Kansas legislature

Kansas Legislature

Lottery-casino pair a legislative gamble

January 29, 2007


— It's that time of the year again, when supporters of expanded gambling in Kansas are at the Statehouse trying to drum up support for casinos and slot machines.

But the beat may be different this year.

In the past, the gambling issue has stood on its own, with supporters touting it as a way to increase state revenues, while opponents view it as undermining society's morals.

This year there's a new wrinkle. Lawmakers must approve the continuation of the 20-year-old lottery, and failing to do that would be slaughtering a prized cash cow.

The lottery will dump $67 million in state coffers in the current budget year, including $42 million used to finance most of the state's economic development efforts.

"Renewing the lottery is a critical thing. I don't think you can sink the lottery," said Sen. Pete Brungardt, R-Salina. "It's overwhelmingly popular and part of Kansas life."

Gambling supporters see the lottery's popularity as a way to enhance their chances, either by bundling the two bills or working out a deal with legislative leaders to guarantee a vote on gambling in return for supporting the lottery.

The idea is that legislators waffling on gambling but backing the lottery might go ahead and vote for the bundled bill.

Kansans are used to gambling. Aside from the lottery, there's wagering on horse and dog races and four American Indian casinos in northeast Kansas. There also are gambling boats in Kansas City, Mo., and Indian casinos in Oklahoma.

"The gambling industry is getting to be slowly but surely a part of American life, which explains why there is an attempt every year, because there's the feeling that the incremental process of acceptability one day will lead to success," said Bob Beatty, a Washburn University political science professor.

Expanded gambling has been debated and discussed since the early 1990s, always falling short. Often, gambling interests became greedy - fighting among themselves for slices of the potential pie - which costs them votes.

In past years, gambling bills started in the Senate on the theory the votes were there and once senators approved a measure, pressure would build on the House. This year is different.

"We've been out front the last couple of years and we decided to let the House go first if they're willing," said Senate President Steve Morris, R-Hugoton.

Last year, Senate leaders thought they had enough votes to pass a gambling bill. But one senator reneged on his promise, dooming the bill and leaving the leadership more than a little embarrassed.

Gambling supporters say they've picked up support in the House after November's elections. But House leaders aren't so sure.

"We have an untested body. They haven't voted on such things. I don't even know how my committee will vote on it," said Rep. Arlen Siegfreid, chairman of the Federal and State Affairs Committee where the lottery and gambling bills have been assigned.

Siegfreid, R-Olathe, hasn't decided when the committee will consider either bill, but didn't think much of the idea of merging them.

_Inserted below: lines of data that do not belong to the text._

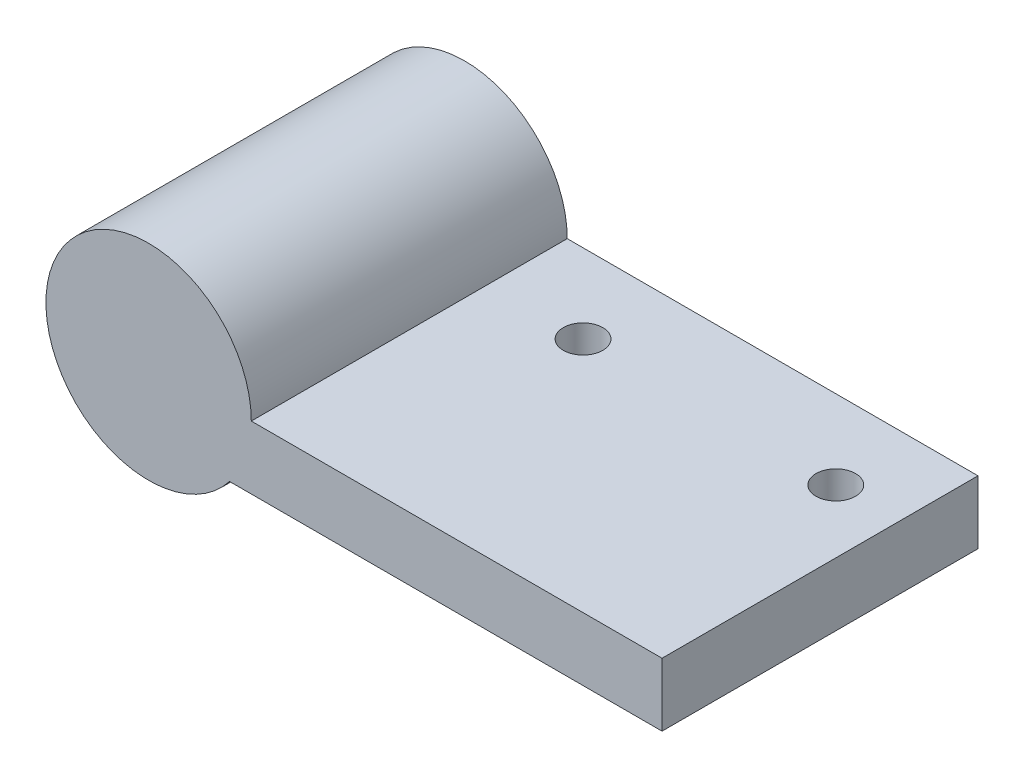
from build123d import *

# Parameters (mm, degrees)
SKETCH_1_R          = 4.15
EXTRUDE_1_DEPTH     = 20
SKETCH_2_R          = 4.923200542
EXTRUDE_2_DEPTH     = 3
SKETCH_3_R          = 1.25
CUT_EXTRUDE_1_DEPTH = 13


with BuildPart() as part:
    # Эскиз1 → Бобышка-Вытянуть1 (new body)
    with BuildSketch(Plane.XY):
        with BuildLine():
            Line((5.123475383, -4), (32.5, -4))
            Line((32.5, -4), (32.5, 0))
            Line((32.5, 0), (6.5, 0))
            ThreePointArc((6.5, 0), (-6.146242348, 2.115113473), (5.123475383, -4))
        make_face()
        Circle(SKETCH_1_R, mode=Mode.SUBTRACT)
    extrude(amount=EXTRUDE_1_DEPTH)

    # Эскиз2 → Бобышка-Вытянуть2 (add)
    with BuildSketch(Plane.XY.offset(20)):
        Circle(SKETCH_2_R)
    extrude(amount=-EXTRUDE_2_DEPTH)

    # Эскиз3 → Вырез-Вытянуть1 (cut)
    with BuildSketch(Plane(origin=(0, 0, 0), x_dir=(1, 0, 0), z_dir=(0, 1, 0))):
        with Locations((12.5, -5)):
            Circle(SKETCH_3_R)
        with Locations((28.5, -5)):
            Circle(SKETCH_3_R)
    extrude(amount=-CUT_EXTRUDE_1_DEPTH, mode=Mode.SUBTRACT)


solid = part.part

"We want to move the lottery first if we can," he said. "The lottery is established. If you would marry the two bills and it goes down, we are in a big mess."

Rep. Tom Burroughs, D-Kansas City, sees it differently.

"There is some risk involved, but the gaming issue needs to be decided," Burroughs said.

Burroughs is among the backers of a bill allowing a casino in the Kansas City, Kan., area and another in southeast Kansas, plus slots at pari-mutuel horse and dog tracks in Kansas City, Frontenac and Wichita.

He wants a "packaged deal" of either the two bills bundled or assurances from House leaders of a separate vote on gambling at the same time.

"There's a number of legislators willing to vote no on the lottery if gaming isn't part of the package, including myself," he said.

But not everybody buys into the doom-and-gloom prophecy.

"At the end of the day, we'll reauthorize the lottery. The question is whether it'll be with expanded gambling. There's too much money in the lottery not to do it," said Senate Minority Leader Anthony Hensley, D-Topeka.